Asymmetric key exchanges:
- Elliptic-curve Diffie-Hellman using NIST P-256 curve[W]
- Elliptic-curve Diffie-Hellman ECDH using NIST P-384 curve[W]
- X25519 key exchange (a.k.a. Curve25519)[W]
- Elliptic-curve Diffie-Hellman ECDH using NIST P-521 curve
- X448 key exchange
- Diffie-Hellman with p=Pe(2048, 560316)
- Diffie-Hellman with p=Pe(3072, 2625351)
- Diffie-Hellman with p=Pe(4096, 5736041)
- Diffie-Hellman with p=Pe(6144, 15705020)
- Diffie-Hellman with p=Pe(8192, 10965728)
Where: Pe(n,x) = 2^n-2^(n-64)+{[2^(n-130)*e]+x}*2^64-1 (a n-bit
prime)
Signature algorithms:
- RSA-PSS using SHA-256 (using generic RSA or RSA-PSS keys)[W]
- RSA-PSS using SHA-384 (using generic RSA or RSA-PSS keys)[W]
- RSA-PSS using SHA-512 (using generic RSA or RSA-PSS keys)[W]

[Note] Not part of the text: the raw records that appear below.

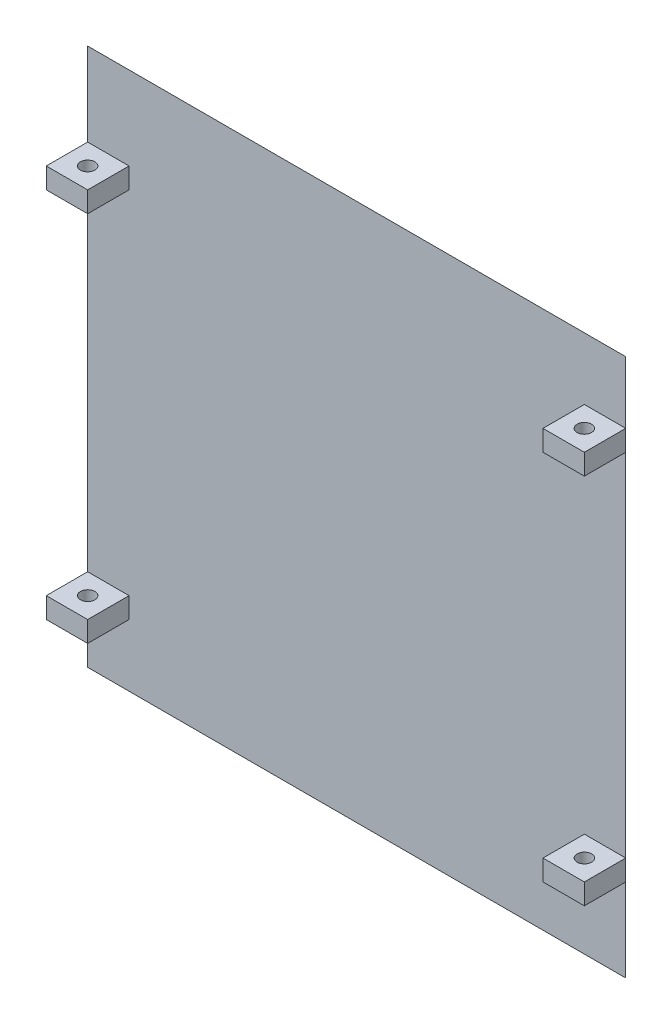
ISO-10303-21;
HEADER;
FILE_DESCRIPTION(('STEP AP214'),'2;1');
FILE_NAME('part.step','',(''),(''),'','','');
FILE_SCHEMA(('AUTOMOTIVE_DESIGN { 1 0 10303 214 1 1 1 1 }'));
ENDSEC;
DATA;
#1=APPLICATION_CONTEXT('core data for automotive mechanical design processes');
#2=APPLICATION_PROTOCOL_DEFINITION('international standard','automotive_design',2000,#1);
#3=PRODUCT_CONTEXT('',#1,'mechanical');
#4=PRODUCT('Part','Part','',(#3));
#5=PRODUCT_RELATED_PRODUCT_CATEGORY('part','',(#4));
#6=PRODUCT_DEFINITION_FORMATION('','',#4);
#7=PRODUCT_DEFINITION_CONTEXT('part definition',#1,'design');
#8=PRODUCT_DEFINITION('design','',#6,#7);
#9=PRODUCT_DEFINITION_SHAPE('','',#8);
#10=(LENGTH_UNIT() NAMED_UNIT(*) SI_UNIT(.MILLI.,.METRE.));
#11=(NAMED_UNIT(*) PLANE_ANGLE_UNIT() SI_UNIT($,.RADIAN.));
#12=(NAMED_UNIT(*) SI_UNIT($,.STERADIAN.) SOLID_ANGLE_UNIT());
#13=UNCERTAINTY_MEASURE_WITH_UNIT(LENGTH_MEASURE(1.E-05),#10,'distance_accuracy_value','');
#14=(GEOMETRIC_REPRESENTATION_CONTEXT(3) GLOBAL_UNCERTAINTY_ASSIGNED_CONTEXT((#13)) GLOBAL_UNIT_ASSIGNED_CONTEXT((#10,
#11,#12)) REPRESENTATION_CONTEXT('',''));
#15=CARTESIAN_POINT('',(0.,0.,0.));
#16=DIRECTION('',(0.,0.,1.));
#17=DIRECTION('',(1.,0.,0.));
#18=AXIS2_PLACEMENT_3D('',#15,#16,#17);
#19=CARTESIAN_POINT('',(0.,0.,3.));
#20=DIRECTION('',(0.,0.,1.));
#21=DIRECTION('',(1.,0.,0.));
#22=AXIS2_PLACEMENT_3D('',#19,#20,#21);
#23=PLANE('',#22);
#24=DIRECTION('',(0.,-1.,0.));
#25=VECTOR('',#24,1.);
#26=CARTESIAN_POINT('',(120.,110.,3.));
#27=LINE('',#26,#25);
#28=CARTESIAN_POINT('',(120.,115.,3.));
#29=VERTEX_POINT('',#28);
#30=CARTESIAN_POINT('',(120.,110.,3.));
#31=VERTEX_POINT('',#30);
#32=EDGE_CURVE('E50',#29,#31,#27,.T.);
#33=ORIENTED_EDGE('',*,*,#32,.F.);
#34=DIRECTION('',(-1.,0.,0.));
#35=VECTOR('',#34,1.);
#36=CARTESIAN_POINT('',(130.,115.,3.));
#37=LINE('',#36,#35);
#38=CARTESIAN_POINT('',(130.,115.,3.));
#39=VERTEX_POINT('',#38);
#40=EDGE_CURVE('E372',#39,#29,#37,.T.);
#41=ORIENTED_EDGE('',*,*,#40,.F.);
#42=DIRECTION('',(0.,1.,0.));
#43=VECTOR('',#42,1.);
#44=CARTESIAN_POINT('',(130.,130.,3.));
#45=LINE('',#44,#43);
#46=CARTESIAN_POINT('',(130.,130.,3.));
#47=VERTEX_POINT('',#46);
#48=EDGE_CURVE('E334',#39,#47,#45,.T.);
#49=ORIENTED_EDGE('',*,*,#48,.T.);
#50=DIRECTION('',(-1.,0.,0.));
#51=VECTOR('',#50,1.);
#52=CARTESIAN_POINT('',(0.,130.,3.));
#53=LINE('',#52,#51);
#54=CARTESIAN_POINT('',(0.,130.,3.));
#55=VERTEX_POINT('',#54);
#56=EDGE_CURVE('E329',#47,#55,#53,.T.);
#57=ORIENTED_EDGE('',*,*,#56,.T.);
#58=DIRECTION('',(0.,-1.,0.));
#59=VECTOR('',#58,1.);
#60=CARTESIAN_POINT('',(0.,130.,3.));
#61=LINE('',#60,#59);
#62=CARTESIAN_POINT('',(0.,109.9,3.));
#63=VERTEX_POINT('',#62);
#64=EDGE_CURVE('E298',#55,#63,#61,.T.);
#65=ORIENTED_EDGE('',*,*,#64,.T.);
#66=DIRECTION('',(-1.,0.,0.));
#67=VECTOR('',#66,1.);
#68=CARTESIAN_POINT('',(0.,109.9,3.));
#69=LINE('',#68,#67);
#70=CARTESIAN_POINT('',(9.99999999999999,109.9,3.));
#71=VERTEX_POINT('',#70);
#72=EDGE_CURVE('E238',#71,#63,#69,.T.);
#73=ORIENTED_EDGE('',*,*,#72,.F.);
#74=DIRECTION('',(0.,1.,0.));
#75=VECTOR('',#74,1.);
#76=CARTESIAN_POINT('',(9.99999999999999,109.9,3.));
#77=LINE('',#76,#75);
#78=CARTESIAN_POINT('',(9.99999999999999,104.9,3.));
#79=VERTEX_POINT('',#78);
#80=EDGE_CURVE('E250',#79,#71,#77,.T.);
#81=ORIENTED_EDGE('',*,*,#80,.F.);
#82=DIRECTION('',(1.,0.,0.));
#83=VECTOR('',#82,1.);
#84=CARTESIAN_POINT('',(0.,104.9,3.));
#85=LINE('',#84,#83);
#86=CARTESIAN_POINT('',(0.,104.9,3.));
#87=VERTEX_POINT('',#86);
#88=EDGE_CURVE('E247',#87,#79,#85,.T.);
#89=ORIENTED_EDGE('',*,*,#88,.F.);
#90=CARTESIAN_POINT('',(0.,20.,3.));
#91=VERTEX_POINT('',#90);
#92=EDGE_CURVE('E296',#87,#91,#61,.T.);
#93=ORIENTED_EDGE('',*,*,#92,.T.);
#94=DIRECTION('',(-1.,0.,0.));
#95=VECTOR('',#94,1.);
#96=CARTESIAN_POINT('',(0.,20.,3.));
#97=LINE('',#96,#95);
#98=CARTESIAN_POINT('',(9.99999999999999,20.,3.));
#99=VERTEX_POINT('',#98);
#100=EDGE_CURVE('E271',#99,#91,#97,.T.);
#101=ORIENTED_EDGE('',*,*,#100,.F.);
#102=DIRECTION('',(0.,1.,0.));
#103=VECTOR('',#102,1.);
#104=CARTESIAN_POINT('',(9.99999999999999,20.,3.));
#105=LINE('',#104,#103);
#106=CARTESIAN_POINT('',(9.99999999999999,15.,3.));
#107=VERTEX_POINT('',#106);
#108=EDGE_CURVE('E278',#107,#99,#105,.T.);
#109=ORIENTED_EDGE('',*,*,#108,.F.);
#110=DIRECTION('',(1.,0.,0.));
#111=VECTOR('',#110,1.);
#112=CARTESIAN_POINT('',(0.,15.,3.));
#113=LINE('',#112,#111);
#114=CARTESIAN_POINT('',(0.,15.,3.));
#115=VERTEX_POINT('',#114);
#116=EDGE_CURVE('E281',#115,#107,#113,.T.);
#117=ORIENTED_EDGE('',*,*,#116,.F.);
#118=CARTESIAN_POINT('',(0.,0.,3.));
#119=VERTEX_POINT('',#118);
#120=EDGE_CURVE('E299',#115,#119,#61,.T.);
#121=ORIENTED_EDGE('',*,*,#120,.T.);
#122=DIRECTION('',(1.,0.,0.));
#123=VECTOR('',#122,1.);
#124=CARTESIAN_POINT('',(0.,0.,3.));
#125=LINE('',#124,#123);
#126=CARTESIAN_POINT('',(130.,0.,3.));
#127=VERTEX_POINT('',#126);
#128=EDGE_CURVE('E304',#119,#127,#125,.T.);
#129=ORIENTED_EDGE('',*,*,#128,.T.);
#130=CARTESIAN_POINT('',(130.,20.1,3.));
#131=VERTEX_POINT('',#130);
#132=EDGE_CURVE('E331',#127,#131,#45,.T.);
#133=ORIENTED_EDGE('',*,*,#132,.T.);
#134=DIRECTION('',(1.,0.,0.));
#135=VECTOR('',#134,1.);
#136=CARTESIAN_POINT('',(130.,20.1,3.));
#137=LINE('',#136,#135);
#138=CARTESIAN_POINT('',(120.,20.1,3.));
#139=VERTEX_POINT('',#138);
#140=EDGE_CURVE('E208',#139,#131,#137,.T.);
#141=ORIENTED_EDGE('',*,*,#140,.F.);
#142=DIRECTION('',(0.,-1.,0.));
#143=VECTOR('',#142,1.);
#144=CARTESIAN_POINT('',(120.,20.1,3.));
#145=LINE('',#144,#143);
#146=CARTESIAN_POINT('',(120.,25.1,3.));
#147=VERTEX_POINT('',#146);
#148=EDGE_CURVE('E217',#147,#139,#145,.T.);
#149=ORIENTED_EDGE('',*,*,#148,.F.);
#150=DIRECTION('',(-1.,0.,0.));
#151=VECTOR('',#150,1.);
#152=CARTESIAN_POINT('',(130.,25.1,3.));
#153=LINE('',#152,#151);
#154=CARTESIAN_POINT('',(130.,25.1,3.));
#155=VERTEX_POINT('',#154);
#156=EDGE_CURVE('E198',#155,#147,#153,.T.);
#157=ORIENTED_EDGE('',*,*,#156,.F.);
#158=CARTESIAN_POINT('',(130.,110.,3.));
#159=VERTEX_POINT('',#158);
#160=EDGE_CURVE('E333',#155,#159,#45,.T.);
#161=ORIENTED_EDGE('',*,*,#160,.T.);
#162=DIRECTION('',(1.,0.,0.));
#163=VECTOR('',#162,1.);
#164=CARTESIAN_POINT('',(130.,110.,3.));
#165=LINE('',#164,#163);
#166=EDGE_CURVE('E55',#31,#159,#165,.T.);
#167=ORIENTED_EDGE('',*,*,#166,.F.);
#168=EDGE_LOOP('',(#33,#41,#49,#57,#65,#73,#81,#89,#93,#101,#109,#117,#121,#129,#133,#141,#149,
#157,#161,#167));
#169=FACE_BOUND('',#168,.T.);
#170=ADVANCED_FACE('F33',(#169),#23,.T.);
#171=CARTESIAN_POINT('',(0.,0.,0.));
#172=DIRECTION('',(0.,0.,1.));
#173=DIRECTION('',(1.,0.,0.));
#174=AXIS2_PLACEMENT_3D('',#171,#172,#173);
#175=PLANE('',#174);
#176=DIRECTION('',(0.,1.,0.));
#177=VECTOR('',#176,1.);
#178=CARTESIAN_POINT('',(3.,0.,0.));
#179=LINE('',#178,#177);
#180=CARTESIAN_POINT('',(3.,3.,0.));
#181=VERTEX_POINT('',#180);
#182=CARTESIAN_POINT('',(3.,127.,0.));
#183=VERTEX_POINT('',#182);
#184=EDGE_CURVE('E327',#181,#183,#179,.T.);
#185=ORIENTED_EDGE('',*,*,#184,.T.);
#186=DIRECTION('',(1.,0.,0.));
#187=VECTOR('',#186,1.);
#188=CARTESIAN_POINT('',(0.,127.,0.));
#189=LINE('',#188,#187);
#190=CARTESIAN_POINT('',(127.,127.,0.));
#191=VERTEX_POINT('',#190);
#192=EDGE_CURVE('E11',#183,#191,#189,.T.);
#193=ORIENTED_EDGE('',*,*,#192,.T.);
#194=DIRECTION('',(0.,-1.,0.));
#195=VECTOR('',#194,1.);
#196=CARTESIAN_POINT('',(127.,0.,0.));
#197=LINE('',#196,#195);
#198=CARTESIAN_POINT('',(127.,3.,0.));
#199=VERTEX_POINT('',#198);
#200=EDGE_CURVE('E42',#191,#199,#197,.T.);
#201=ORIENTED_EDGE('',*,*,#200,.T.);
#202=DIRECTION('',(-1.,0.,0.));
#203=VECTOR('',#202,1.);
#204=CARTESIAN_POINT('',(0.,3.,0.));
#205=LINE('',#204,#203);
#206=EDGE_CURVE('E325',#199,#181,#205,.T.);
#207=ORIENTED_EDGE('',*,*,#206,.T.);
#208=EDGE_LOOP('',(#185,#193,#201,#207));
#209=FACE_BOUND('',#208,.T.);
#210=ADVANCED_FACE('F419',(#209),#175,.F.);
#211=CARTESIAN_POINT('',(0.,0.,2.99999999999998));
#212=DIRECTION('',(0.,0.707106781186544,0.707106781186551));
#213=DIRECTION('',(1.,0.,0.));
#214=AXIS2_PLACEMENT_3D('',#211,#212,#213);
#215=PLANE('',#214);
#216=DIRECTION('',(-0.577350269189628,-0.577350269189628,0.577350269189622));
#217=VECTOR('',#216,1.);
#218=CARTESIAN_POINT('',(43.3333333333336,43.3333333333336,-40.3333333333332));
#219=LINE('',#218,#217);
#220=EDGE_CURVE('E316',#181,#119,#219,.T.);
#221=ORIENTED_EDGE('',*,*,#220,.F.);
#222=ORIENTED_EDGE('',*,*,#206,.F.);
#223=DIRECTION('',(0.577350269189631,-0.577350269189626,0.57735026918962));
#224=VECTOR('',#223,1.);
#225=CARTESIAN_POINT('',(86.6666666666658,43.3333333333337,-40.3333333333333));
#226=LINE('',#225,#224);
#227=EDGE_CURVE('E313',#127,#199,#226,.F.);
#228=ORIENTED_EDGE('',*,*,#227,.F.);
#229=ORIENTED_EDGE('',*,*,#128,.F.);
#230=EDGE_LOOP('',(#221,#222,#228,#229));
#231=FACE_BOUND('',#230,.T.);
#232=ADVANCED_FACE('F35',(#231),#215,.F.);
#233=CARTESIAN_POINT('',(130.,130.,2.99999999999998));
#234=DIRECTION('',(-0.707106781186541,0.,0.707106781186554));
#235=DIRECTION('',(0.,1.,0.));
#236=AXIS2_PLACEMENT_3D('',#233,#234,#235);
#237=PLANE('',#236);
#238=ORIENTED_EDGE('',*,*,#227,.T.);
#239=ORIENTED_EDGE('',*,*,#200,.F.);
#240=DIRECTION('',(0.577350269189631,0.577350269189626,0.577350269189621));
#241=VECTOR('',#240,1.);
#242=CARTESIAN_POINT('',(130.,130.,2.99999999999998));
#243=LINE('',#242,#241);
#244=EDGE_CURVE('E319',#47,#191,#243,.F.);
#245=ORIENTED_EDGE('',*,*,#244,.F.);
#246=ORIENTED_EDGE('',*,*,#48,.F.);
#247=DIRECTION('',(0.,1.,0.));
#248=VECTOR('',#247,1.);
#249=CARTESIAN_POINT('',(130.,110.,3.));
#250=LINE('',#249,#248);
#251=EDGE_CURVE('E194',#159,#39,#250,.T.);
#252=ORIENTED_EDGE('',*,*,#251,.F.);
#253=ORIENTED_EDGE('',*,*,#160,.F.);
#254=DIRECTION('',(0.,1.,0.));
#255=VECTOR('',#254,1.);
#256=CARTESIAN_POINT('',(130.,20.1,3.));
#257=LINE('',#256,#255);
#258=EDGE_CURVE('E195',#131,#155,#257,.T.);
#259=ORIENTED_EDGE('',*,*,#258,.F.);
#260=ORIENTED_EDGE('',*,*,#132,.F.);
#261=EDGE_LOOP('',(#238,#239,#245,#246,#252,#253,#259,#260));
#262=FACE_BOUND('',#261,.T.);
#263=ADVANCED_FACE('F345',(#262),#237,.F.);
#264=CARTESIAN_POINT('',(0.,130.,2.99999999999998));
#265=DIRECTION('',(0.707106781186544,0.,0.707106781186551));
#266=DIRECTION('',(0.,-1.,0.));
#267=AXIS2_PLACEMENT_3D('',#264,#265,#266);
#268=PLANE('',#267);
#269=ORIENTED_EDGE('',*,*,#220,.T.);
#270=ORIENTED_EDGE('',*,*,#120,.F.);
#271=DIRECTION('',(0.,-1.,0.));
#272=VECTOR('',#271,1.);
#273=CARTESIAN_POINT('',(0.,20.,3.));
#274=LINE('',#273,#272);
#275=EDGE_CURVE('E266',#91,#115,#274,.T.);
#276=ORIENTED_EDGE('',*,*,#275,.F.);
#277=ORIENTED_EDGE('',*,*,#92,.F.);
#278=DIRECTION('',(0.,-1.,0.));
#279=VECTOR('',#278,1.);
#280=CARTESIAN_POINT('',(0.,109.9,3.));
#281=LINE('',#280,#279);
#282=EDGE_CURVE('E233',#63,#87,#281,.T.);
#283=ORIENTED_EDGE('',*,*,#282,.F.);
#284=ORIENTED_EDGE('',*,*,#64,.F.);
#285=DIRECTION('',(0.577350269189628,-0.577350269189628,-0.577350269189622));
#286=VECTOR('',#285,1.);
#287=CARTESIAN_POINT('',(0.,130.,2.99999999999998));
#288=LINE('',#287,#286);
#289=EDGE_CURVE('E321',#183,#55,#288,.F.);
#290=ORIENTED_EDGE('',*,*,#289,.F.);
#291=ORIENTED_EDGE('',*,*,#184,.F.);
#292=EDGE_LOOP('',(#269,#270,#276,#277,#283,#284,#290,#291));
#293=FACE_BOUND('',#292,.T.);
#294=ADVANCED_FACE('F433',(#293),#268,.F.);
#295=CARTESIAN_POINT('',(0.,130.,2.99999999999998));
#296=DIRECTION('',(0.,-0.707106781186544,0.707106781186551));
#297=DIRECTION('',(-1.,0.,0.));
#298=AXIS2_PLACEMENT_3D('',#295,#296,#297);
#299=PLANE('',#298);
#300=ORIENTED_EDGE('',*,*,#244,.T.);
#301=ORIENTED_EDGE('',*,*,#192,.F.);
#302=ORIENTED_EDGE('',*,*,#289,.T.);
#303=ORIENTED_EDGE('',*,*,#56,.F.);
#304=EDGE_LOOP('',(#300,#301,#302,#303));
#305=FACE_BOUND('',#304,.T.);
#306=ADVANCED_FACE('F430',(#305),#299,.F.);
#307=CARTESIAN_POINT('',(0.,20.,13.));
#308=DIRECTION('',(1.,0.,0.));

- ECDSA usign NIST P-256 curve and SHA-256[W]
- ECDSA usign NIST P-384 curve and SHA-384[W]
- ECDSA usign NIST P-521 curve and SHA-512[W]
- RSA PKCS#1v1.5 using SHA-256 (certificate signing only)[W]
- RSA PKCS#1v1.5 using SHA-384 (certificate signing only)[W]
- RSA PKCS#1v1.5 using SHA-512 (certificate signing only)[W]
- Ed25519
- Ed448
Symmetric algorithms:
- 128-bit AES in GCM mode with SHA-256 handshake hash.[W]
- 256-bit AES in GCM mode with SHA-384 handshake hash.[W]
- 256-bit Chacha20 and Poly1305 with SHA-256 handshake hash.[W]
- 128-bit AES in CCM mode with SHA-256 handshake hash.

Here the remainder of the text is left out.